Aldi ramping up store expansion with £1bn push

UK discounter Aldi is ramping up its store expansion and aiming to open one new supermarket every week, its UK retail boss has said.

Aldi opened its first new smaller convenience ‘Local’ format in Balham in March. (Photo: Aldi)

Aldi’s chief executive for the UK and Ireland, Giles Hurley, said the retailer was planning to invest £1 billion to achieve its aim.

“The reality is that almost 50% of the population of the UK doesn’t currently shop with us and they tell us the main reason for that is that they don’t have a store near us” he told the BBC.

The new store push was announced as the discounter reported an 18% fall in profits last year due on the back of heavy discounting to offer competitive pricing and boost market share.

Store growth to date has already added more than 800,000 new customers and boosting sales by an extra £1.1 billion.

Total sales rose to £11.3 billion in the year to 31 December, a rise of 11% since last year.

Hurley said there was a “big opportunity” to open more stores in Greater London, where market share is around half of what it is in the rest of the country.

“Clearly there’s clearly a big opportunity for us to expand the business. In the long term, we can comfortably see us opening 200-250 stores within London,” he said.

The discounter has followed the lead of retailers like Tesco and Sainsbury’s by opening smaller ‘Local’ stores in urban areas to cash in on the convenience market.

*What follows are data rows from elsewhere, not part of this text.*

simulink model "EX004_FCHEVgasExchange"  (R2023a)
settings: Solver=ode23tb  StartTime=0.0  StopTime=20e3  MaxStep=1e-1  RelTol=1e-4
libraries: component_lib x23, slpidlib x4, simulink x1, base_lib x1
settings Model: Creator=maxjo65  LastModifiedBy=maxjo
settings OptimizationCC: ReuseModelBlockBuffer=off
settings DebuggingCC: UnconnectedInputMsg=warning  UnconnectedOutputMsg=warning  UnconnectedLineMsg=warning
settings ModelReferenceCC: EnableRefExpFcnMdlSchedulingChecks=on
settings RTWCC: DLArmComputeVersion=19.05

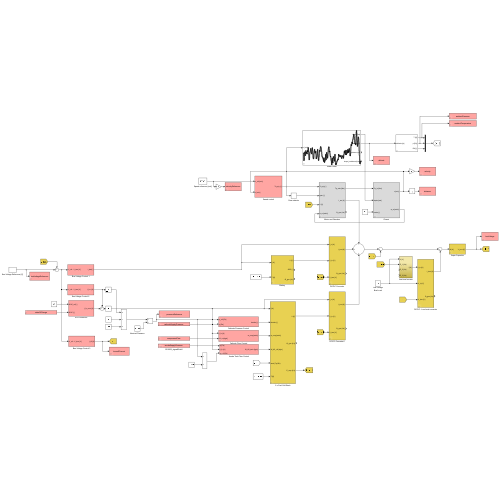
[thumbnail: Simulink's stored preview of the top-level diagram]
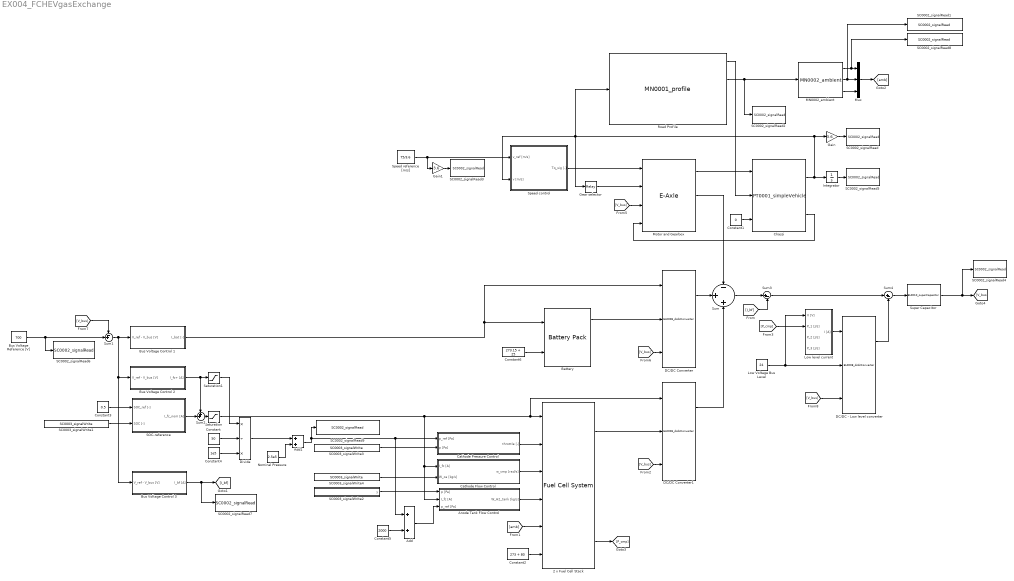
== system EX004_FCHEVgasExchange ==
  2 x Fuel Cell Stack : component_lib/Fuel Cell System  n_st=2  n=375
  Add : Sum
  Add1 : Sum
  Anode Tank Flow Control : Subsystem  mask{n_cell=375}
      mask prompts: n_cell "Cells [-]"
  Battery : component_lib/Battery Pack  SOC_0=0.5  Nx=120  Ny=180
  Bus Voltage Control 1 : Subsystem
  "Bus Voltage Control 2 " : Subsystem
  Bus Voltage Control 3 : Subsystem
  Bus Voltage Reference [V] : Constant  Value=700
  Cathode Flow Control : Subsystem  mask{lambda_O2_ref=2, n_cell=375}
      mask prompts: lambda_O2_ref "Oxygen stoich. reference [-]:"; n_cell "Cells [-]:"
  Cathode Pressure Control : Subsystem
  Chassi : component_lib/Powertrain/PT0001_simpleVehicle  m=40e3  r_w=0.5  A_f=10  C_d=0.5  rho_air=1.225  c_r0=0.0060  c_r1=2.3e-7  gain=600  v0=75/3.6  x0=0
  Constant : Constant  Value=50
  Constant1 : Constant  Value=0
  Constant2 : Constant  Value=273 + 80
  Constant3 : Constant  Value=0.5
  Constant4 : Constant  Value=1e5
  Constant5 : Constant  Value=2000
  Constant6 : Constant  Value=273.15 + 25
  DC/DC - Low level converter : component_lib/Electrochemistry/EL0008_dcdcConverter  eta_up=0.99  eta_down=0.99
  DC/DC Converter : component_lib/Electrochemistry/EL0008_dcdcConverter  eta_up=0.99  eta_down=0.99
  DC/DC Converter1 : component_lib/Electrochemistry/EL0008_dcdcConverter  eta_up=0.99  eta_down=0.99
  Divide : Product  Inputs=*/*
  Gain : Gain  Gain=3.6
  Gain1 : Gain  Gain=3.6
  Gear selector : Relay  OnSwitchValue=22  OffSwitchValue=21.5  OnOutputValue=4  OffOutputValue=3
  Integrator : Integrator
  Low Voltage Bus Level : Constant  Value=24
  Low level current : Subsystem
  MN0002_ambient : component_lib/Mission/MN0002_ambient  p_0=1.01e5  T_0=273 + 20  RH_0=0.05
  Motor and Gearbox : component_lib/E-Axle  n=3  V_nom=700
  Mux : Mux  Inputs=3
  Nominal Pressure : Constant  Value=2.5e5
  Road Profile : component_lib/Mission/MN0001_profile  profile=Sodertalje_Norrkoping.mat  x0=0  N_lookahead=100
  SC0002_signalRead : component_lib/Data & Control/SC0002_signalRead  SigName=velocity
  SC0002_signalRead1 : component_lib/Data & Control/SC0002_signalRead  SigName=ambientPressure
  SC0002_signalRead2 : component_lib/Data & Control/SC0002_signalRead  SigName=altitude
  SC0002_signalRead3 : component_lib/Data & Control/SC0002_signalRead  SigName=velocityReference
  SC0002_signalRead4 : component_lib/Data & Control/SC0002_signalRead  SigName=busVoltage
  SC0002_signalRead5 : component_lib/Data & Control/SC0002_signalRead  SigName=distance
  SC0002_signalRead6 : component_lib/Data & Control/SC0002_signalRead  SigName=busVoltageReference
  SC0002_signalRead7 : component_lib/Data & Control/SC0002_signalRead  SigName=burnoffCurrent
  SC0002_signalRead8 : component_lib/Data & Control/SC0002_signalRead  SigName=ambientTemperature
  SC0002_signalRead9 : component_lib/Data & Control/SC0002_signalRead  SigName=pressureReference
  SC0003_signalWrite1 : component_lib/Data & Control/SC0003_signalWrite  SigName=stateOfCharge
  SC0003_signalWrite2 : Subsystem  AncestorBlock=component_lib/Data & Control/SC0003_signalWrite  mask{SigName=anodeSupplyPressure}
      mask prompts: SigName "Signal identifier:"
      mask init:
      | % set signal name in goto tag
      | set_param([gcb, '/', 'From'], 'GotoTag', SigName)
      settings: LibrarySourceBlock=component_lib/Data & Control/SC0003_signalWrite
      mask Display: disp(SigName)
  SC0003_signalWrite3 : component_lib/Data & Control/SC0003_signalWrite  SigName=cathodeSupplyPressure
  SC0003_signalWrite4 : component_lib/Data & Control/SC0003_signalWrite  SigName=compressorFlow
  SOC-reference : Subsystem
  Saturation : Saturate  UpperLimit=600  LowerLimit=20
  Saturation1 : Saturate  UpperLimit=50  LowerLimit=0
  Speed control : Subsystem
  Speed reference [m/s] : Constant  Value=75/3.6
  Sum : Sum  Inputs=-++
  Sum1 : Sum  Inputs=-+|
  Sum2 : Sum  Inputs=++|
  Sum3 : Sum  Inputs=|+-
  Sum4 : Sum  Inputs=|+-
  Super Capacitor : component_lib/Electrochemistry/EL0010_superCapacitor  C=1  V_bus0=700
  wires:
  Motor and Gearbox/1 -> Chassi/1
  Chassi/2 -> Motor and Gearbox/4
  Road Profile/1 -> Chassi/2
  Chassi/1 -> Integrator/1, Gain/1, Speed control/2(v [m/s]), Road Profile/1, Gear selector/1
  Speed reference [m/s]/1 -> Gain1/1, Speed control/1(v_ref [m/s])
  Speed control/1(Tq_sig [-]) -> Motor and Gearbox/1
  Gear selector/1 -> Motor and Gearbox/2
  Integrator/1 -> SC0002_signalRead5/1
  Gain/1 -> SC0002_signalRead/1
  Road Profile/2 -> MN0002_ambient/1, SC0002_signalRead2/1
  Gain1/1 -> SC0002_signalRead3/1
  Super Capacitor/1 -> SC0002_signalRead4/1, [V_bus]
  Constant1/1 -> Chassi/3
  Battery/1 -> DC/DC Converter/2
  DC/DC Converter/1 -> Sum/2
  Motor and Gearbox/2 -> Sum/1
  Bus Voltage Control 1/1(I_bat [-]) -> DC/DC Converter/1, Battery/1
  DC/DC Converter1/1 -> Sum/3
  Bus Voltage Reference [V]/1 -> Sum1/2, SC0002_signalRead6/1
  Constant3/1 -> SOC-reference/1(SOC_ref [-])
  Sum1/1 -> Bus Voltage Control 3/1(V_ref - V_bus [V]), "Bus Voltage Control 2 "/1(V_ref - V_bus [V]), Bus Voltage Control 1/1(V_ref - V_bus [V])
  Sum2/1 -> Saturation/1
  "Bus Voltage Control 2 "/1(I_fc+ [A]) -> Saturation1/1, Sum2/1
  SOC-reference/1(I_fc_nom [A]) -> Sum2/2
  Sum/1 -> Sum3/1
  Bus Voltage Control 3/1(I_bf [A]) -> SC0002_signalRead7/1, [I_bf]
  [I_bf] -> Sum3/2
  MN0002_ambient/3 -> Mux/3
  Mux/1 -> [amb]
  2 x Fuel Cell Stack/1 -> DC/DC Converter1/2
  2 x Fuel Cell Stack/3 -> [P_cmp]
  Sum3/1 -> Sum4/1
  Sum4/1 -> Super Capacitor/1
  DC/DC - Low level converter/1 -> Sum4/2
  [P_cmp] -> Low level current/2(P_1 [J/s])
  Low Voltage Bus Level/1 -> Low level current/1(V [V]), DC/DC - Low level converter/2
  [V_bus] -> Motor and Gearbox/3
  [V_bus] -> Sum1/1
  Cathode Flow Control/1(w_cmp [rad/s]) -> 2 x Fuel Cell Stack/3
  SC0003_signalWrite4/1 -> Cathode Flow Control/2(W_ca [kg/s])
  Cathode Pressure Control/1(throttle [-]) -> 2 x Fuel Cell Stack/2
  SC0003_signalWrite3/1 -> Cathode Pressure Control/2(p [Pa])
  SC0003_signalWrite2/1(y) -> Anode Tank Flow Control/1(p [Pa])
  Add1/1 -> Add/1, Cathode Pressure Control/1(p_ref [Pa]), SC0002_signalRead9/1
  Anode Tank Flow Control/1(W_H2_tank [kg/s]) -> 2 x Fuel Cell Stack/4
  Add/1 -> Anode Tank Flow Control/3(p_ref [Pa])
  Constant5/1 -> Add/2
  Saturation/1 -> Anode Tank Flow Control/2(I_fc [A]), Cathode Flow Control/1(I_fc [A]), DC/DC Converter1/1, 2 x Fuel Cell Stack/1
  Constant2/1 -> 2 x Fuel Cell Stack/6
  [amb] -> 2 x Fuel Cell Stack/5
  SC0003_signalWrite1/1 -> SOC-reference/2(SOC [-])
  MN0002_ambient/2 -> Mux/2, SC0002_signalRead1/1
  MN0002_ambient/1 -> SC0002_signalRead8/1, Mux/1
  Constant/1 -> Divide/2
  Constant4/1 -> Divide/3
  Nominal Pressure/1 -> Add1/2
  Saturation1/1 -> Divide/1
  Divide/1 -> Add1/1
  [V_bus] -> DC/DC Converter/3
  Constant6/1 -> Battery/2
  [V_bus] -> DC/DC Converter1/3
  Low level current/1(I [A]) -> DC/DC - Low level converter/1
  [V_bus] -> DC/DC - Low level converter/3

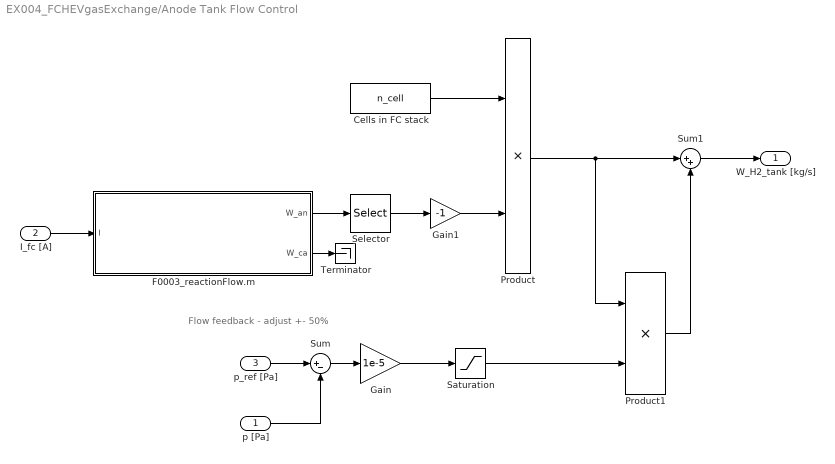
== system EX004_FCHEVgasExchange/Anode Tank Flow Control ==
  note: Flow feedback - adjust +- 50%
  p [Pa] : Inport
  I_fc [A] : Inport  Port=2
  p_ref [Pa] : Inport  Port=3
  Cells in FC stack : Constant  Value=n_cell
  F0003_reactionFlow.m : MATLAB Function  TreatAsAtomicUnit=on
  Gain : Gain  Gain=1e-5
  Gain1 : Gain  Gain=-1
  Product : Product
  Product1 : Product
  Saturation : Saturate
  Selector : Selector  InputPortWidth=4  IndexOptions=Index vector (dialog)  Indices=1  OutputSizes=1
  Sum : Sum  Inputs=|+-
  Sum1 : Sum  Inputs=|++
  Terminator : Terminator
  W_H2_tank [kg/s] : Outport
  wires:
  Product1/1 -> Sum1/2
  Sum/1 -> Gain/1
  Sum1/1 -> W_H2_tank [kg/s]/1
  Product/1 -> Product1/1, Sum1/1
  p [Pa]/1 -> Sum/2
  p_ref [Pa]/1 -> Sum/1
  Cells in FC stack/1 -> Product/1
  F0003_reactionFlow.m/2(W_ca) -> Terminator/1
  I_fc [A]/1 -> F0003_reactionFlow.m/1(I)
  F0003_reactionFlow.m/1(W_an) -> Selector/1
  Selector/1 -> Gain1/1
  Gain1/1 -> Product/2
  Gain/1 -> Saturation/1
  Saturation/1 -> Product1/2

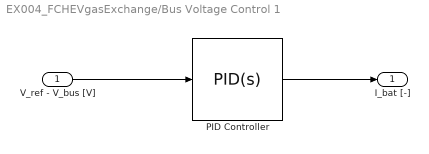
== system EX004_FCHEVgasExchange/Bus Voltage Control 1 ==
  V_ref - V_bus [V] : Inport
  PID Controller : slpidlib/PID Controller  Controller=PID  Form=Parallel  TimeDomain=Continuous-time  UseExternalTs=off  SampleTime=-1  IntegratorMethod=Forward Euler  FilterMethod=Forward Euler  ControllerParametersSource=internal  P=1e2  I=1  UseKiTs=off  D=0  N=100  UseFilter=on  TunerSelectOption=Transfer Function Based (PID Tuner App)  ZeroCross=off  InitialConditionSource=internal  InitialConditionForIntegrator=0  InitialConditionForFilter=0  DifferentiatorICPrevScaledInput=0  ExternalReset=none  TrackingMode=off  Kt=1  LimitOutput=on  SatLimitsSource=internal  UpperSaturationLimit=350  LowerSaturationLimit=-350  LinearizeAsGain=on  AntiWindupMode=clamping  Kb=1  LimitIntegrator=off  UpperIntegratorSaturationLimit=inf  LowerIntegratorSaturationLimit=-inf  POutMin=[]  POutMax=[]  IOutMin=[]  IOutMax=[]  DOutMin=[]  DOutMax=[]  NOutMin=[]  NOutMax=[]  SumOutMin=[]  SumOutMax=[]  SaturationOutMin=[]  SaturationOutMax=[]  PParamMin=[]  PParamMax=[]  IParamMin=[]  IParamMax=[]  DParamMin=[]  DParamMax=[]  NParamMin=[]  NParamMax=[]  KbParamMin=[]  KbParamMax=[]  KtParamMin=[]  KtParamMax=[]  KbOutMin=[]  KbOutMax=[]  KtOutMin=[]  KtOutMax=[]  IntegratorOutMin=[]  IntegratorOutMax=[]  FilterOutMin=[]  FilterOutMax=[]  SumI1OutMin=[]  SumI1OutMax=[]  SumI2OutMin=[]  SumI2OutMax=[]  SumI3OutMin=[]  SumI3OutMax=[]  SumI4OutMin=[]  SumI4OutMax=[]  SumDOutMin=[]  SumDOutMax=[]  DifferentiatorOutMin=[]  DifferentiatorOutMax=[]  FilterDiffOutCoefMin=[]  FilterDiffOutCoefMax=[]  ReciprocalOutMin=[]  ReciprocalOutMax=[]  SumDenOutMin=[]  SumDenOutMax=[]  SumNumOutMin=[]  SumNumOutMax=[]  DivideOutMin=[]  DivideOutMax=[]  UdiffTsProdOutMin=[]  UdiffTsProdOutMax=[]  NTsProdOutMin=[]  NTsProdOutMax=[]  UintegralTsProdOutMin=[]  UintegralTsProdOutMax=[]  UngainTsProdOutMin=[]  UngainTsProdOutMax=[]  ClampingZeroOutDataTypeStr=Inherit: Inherit via back propagation  ClampingZeroOutMin=[]  ClampingZeroOutMax=[]  FilterDenConstantOutDataTypeStr=Inherit: Inherit via back propagation  FilterDenConstantOutMin=[]  FilterDenConstantOutMax=[]  PCopyOutDataTypeStr=Inherit: Inherit via back propagation  PCopyOutMin=[]  PCopyOutMax=[]  NCopyOutDataTypeStr=Inherit: Inherit via back propagation  NCopyOutMin=[]  NCopyOutMax=[]  IntegratorContinuousStateAttributes=''  IntegratorStateMustResolveToSignalObject=off  IntegratorRTWStateStorageClass=Auto  FilterContinuousStateAttributes=''  FilterStateMustResolveToSignalObject=off  FilterRTWStateStorageClass=Auto  ParallelPVariant=InternalParameters  IdealPVariant=Disabled  IVariant=InternalParameters  DVariant=InternalParameters  IntegratorVariant=Continuous  SatVariant=Enabled  AWVariant=ContClampingParallel  PCopyVariant=Disabled  TRVariant=Disabled  FdbkBlocksVariant=Forward  IdealPFdbkVariant=Disabled  SatFdbkVariant=Disabled  DerivativeFilterVariant=ContFilter  NVariant=InternalParameters  NCopyVariant=Disabled  FilterICVariant=InternalICsFilter  IntegratorICVariant=InternalICs  ExternalResetVariant=Disabled  TRSumVariant=Passthrough  SumFdbkVariant=Disabled  SumVariant=Sum_PID  TsampFilterVariant=InternalTs  TsampNgainVariant=Passthrough  TsampIntegralVariant=Disabled_SignalSpec  ExternalSaturationOutDataTypeStr=Inherit: Same as second input
  I_bat [-] : Outport
  wires:
  PID Controller/1 -> I_bat [-]/1
  V_ref - V_bus [V]/1 -> PID Controller/1

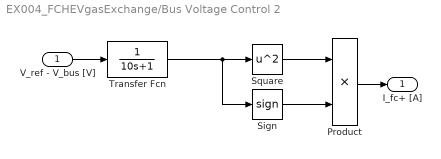
== system EX004_FCHEVgasExchange/Bus Voltage Control 2  ==
  V_ref - V_bus [V] : Inport
  Product : Product
  Sign : Signum
  Square : Math  Operator=square
  Transfer Fcn : TransferFcn  Denominator=[10 1]
  I_fc+ [A] : Outport
  wires:
  Sign/1 -> Product/2
  Transfer Fcn/1 -> Sign/1, Square/1
  Square/1 -> Product/1
  V_ref - V_bus [V]/1 -> Transfer Fcn/1
  Product/1 -> I_fc+ [A]/1

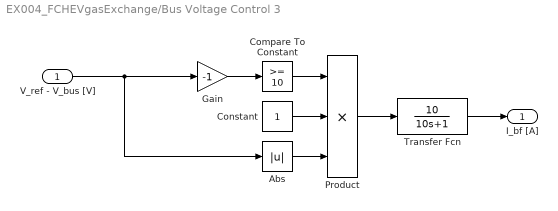
== system EX004_FCHEVgasExchange/Bus Voltage Control 3 ==
  V_ref - V_bus [V] : Inport
  Abs : Abs  SaturateOnIntegerOverflow=off
  Compare To Constant : simulink/Logic and Bit Operations/Compare To Constant  relop=>=  const=10  OutDataTypeStr=boolean
  Constant : Constant
  Gain : Gain  Gain=-1
  Product : Product  Inputs=3
  Transfer Fcn : TransferFcn  Numerator=[10]  Denominator=[10 1]
  I_bf [A] : Outport
  wires:
  Gain/1 -> Compare To Constant/1
  Transfer Fcn/1 -> I_bf [A]/1
  Compare To Constant/1 -> Product/1
  Product/1 -> Transfer Fcn/1
  V_ref - V_bus [V]/1 -> Abs/1, Gain/1
  Abs/1 -> Product/3
  Constant/1 -> Product/2

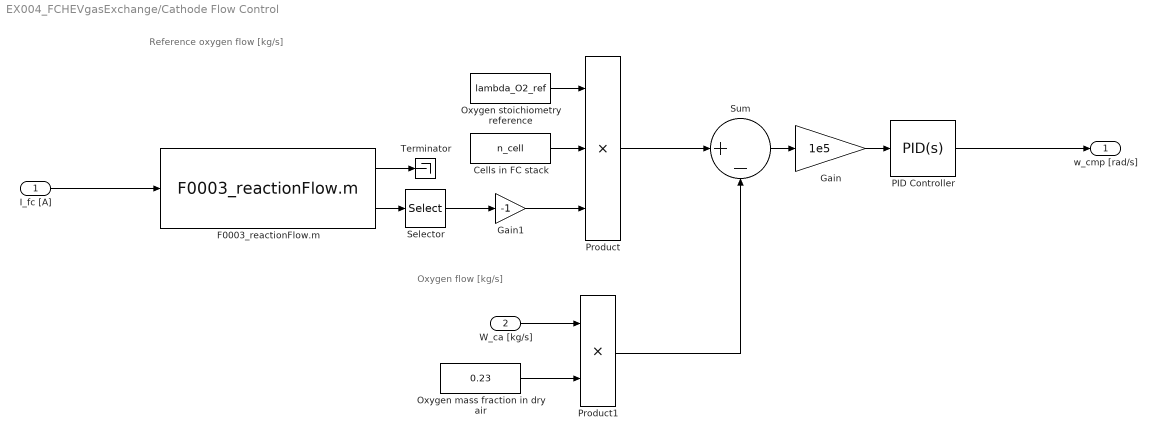
== system EX004_FCHEVgasExchange/Cathode Flow Control ==
  note: Reference oxygen flow [kg/s]
  note: Oxygen flow [kg/s]
  I_fc [A] : Inport
  W_ca [kg/s] : Inport  Port=2
  Cells in FC stack : Constant  Value=n_cell
  F0003_reactionFlow.m : base_lib/F0003_pukrushpan2004/F0003_reactionFlow.m  SystemSampleTime=-1  VariantActivationTime=update diagram  Latency=0  AutoFrameSizeCalculation=off
      settings: LibrarySourceBlock=|
      | simulink/User-Defined
      | Functions/MATLAB Function
  Gain : Gain  Gain=1e5
  Gain1 : Gain  Gain=-1
  Oxygen mass fraction in dry air : Constant  Value=0.23
  Oxygen stoichiometry reference : Constant  Value=lambda_O2_ref
  PID Controller : slpidlib/PID Controller  Controller=PID  Form=Parallel  TimeDomain=Continuous-time  UseExternalTs=off  SampleTime=-1  IntegratorMethod=Forward Euler  FilterMethod=Forward Euler  ControllerParametersSource=internal  P=30  I=0.7  UseKiTs=off  D=0  N=100  UseFilter=on  TunerSelectOption=Transfer Function Based (PID Tuner App)  ZeroCross=off  InitialConditionSource=internal  InitialConditionForIntegrator=10e3  InitialConditionForFilter=10e3  DifferentiatorICPrevScaledInput=0  ExternalReset=none  TrackingMode=off  Kt=1  LimitOutput=on  SatLimitsSource=internal  UpperSaturationLimit=20e3  LowerSaturationLimit=3e3  LinearizeAsGain=on  AntiWindupMode=clamping  Kb=1e-1  LimitIntegrator=off  UpperIntegratorSaturationLimit=inf  LowerIntegratorSaturationLimit=-inf  POutMin=[]  POutMax=[]  IOutMin=[]  IOutMax=[]  DOutMin=[]  DOutMax=[]  NOutMin=[]  NOutMax=[]  SumOutMin=[]  SumOutMax=[]  SaturationOutMin=[]  SaturationOutMax=[]  PParamMin=[]  PParamMax=[]  IParamMin=[]  IParamMax=[]  DParamMin=[]  DParamMax=[]  NParamMin=[]  NParamMax=[]  KbParamMin=[]  KbParamMax=[]  KtParamMin=[]  KtParamMax=[]  KbOutMin=[]  KbOutMax=[]  KtOutMin=[]  KtOutMax=[]  IntegratorOutMin=[]  IntegratorOutMax=[]  FilterOutMin=[]  FilterOutMax=[]  SumI1OutMin=[]  SumI1OutMax=[]  SumI2OutMin=[]  SumI2OutMax=[]  SumI3OutMin=[]  SumI3OutMax=[]  SumI4OutMin=[]  SumI4OutMax=[]  SumDOutMin=[]  SumDOutMax=[]  DifferentiatorOutMin=[]  DifferentiatorOutMax=[]  FilterDiffOutCoefMin=[]  FilterDiffOutCoefMax=[]  ReciprocalOutMin=[]  ReciprocalOutMax=[]  SumDenOutMin=[]  SumDenOutMax=[]  SumNumOutMin=[]  SumNumOutMax=[]  DivideOutMin=[]  DivideOutMax=[]  UdiffTsProdOutMin=[]  UdiffTsProdOutMax=[]  NTsProdOutMin=[]  NTsProdOutMax=[]  UintegralTsProdOutMin=[]  UintegralTsProdOutMax=[]  UngainTsProdOutMin=[]  UngainTsProdOutMax=[]  ClampingZeroOutDataTypeStr=Inherit: Inherit via back propagation  ClampingZeroOutMin=[]  ClampingZeroOutMax=[]  FilterDenConstantOutDataTypeStr=Inherit: Inherit via back propagation  FilterDenConstantOutMin=[]  FilterDenConstantOutMax=[]  PCopyOutDataTypeStr=Inherit: Inherit via back propagation  PCopyOutMin=[]  PCopyOutMax=[]  NCopyOutDataTypeStr=Inherit: Inherit via back propagation  NCopyOutMin=[]  NCopyOutMax=[]  IntegratorContinuousStateAttributes=''  IntegratorStateMustResolveToSignalObject=off  IntegratorRTWStateStorageClass=Auto  FilterContinuousStateAttributes=''  FilterStateMustResolveToSignalObject=off  FilterRTWStateStorageClass=Auto  ParallelPVariant=InternalParameters  IdealPVariant=Disabled  IVariant=InternalParameters  DVariant=InternalParameters  IntegratorVariant=Continuous  SatVariant=Enabled  AWVariant=ContClampingParallel  PCopyVariant=Disabled  TRVariant=Disabled  FdbkBlocksVariant=Forward  IdealPFdbkVariant=Disabled  SatFdbkVariant=Disabled  DerivativeFilterVariant=ContFilter  NVariant=InternalParameters  NCopyVariant=Disabled  FilterICVariant=InternalICsFilter  IntegratorICVariant=InternalICs  ExternalResetVariant=Disabled  TRSumVariant=Passthrough  SumFdbkVariant=Disabled  SumVariant=Sum_PID  TsampFilterVariant=InternalTs  TsampNgainVariant=Passthrough  TsampIntegralVariant=Disabled_SignalSpec  ExternalSaturationOutDataTypeStr=Inherit: Same as second input
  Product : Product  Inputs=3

Aldi has rolled out eight of these in Greater London to date, starting with a store in Balham (pictured) and including one in a former Waitrose store in Camden.

The retailer  has also unveiled a premium own label wine range that will only be available exclusively online, as well as bolstering the lower end of the market adding new sub-£4 varietal wines in store.

Speaking at a recent tasting, new wine buying director Josh Heley told db about his plans to refresh the discounter’s core product range, boost underperforming countries such as Chile and US, and ensure there were no gaps in its varietal wines to ensure it could compete and have “the lowest priced wine that offers the best quality on the market”.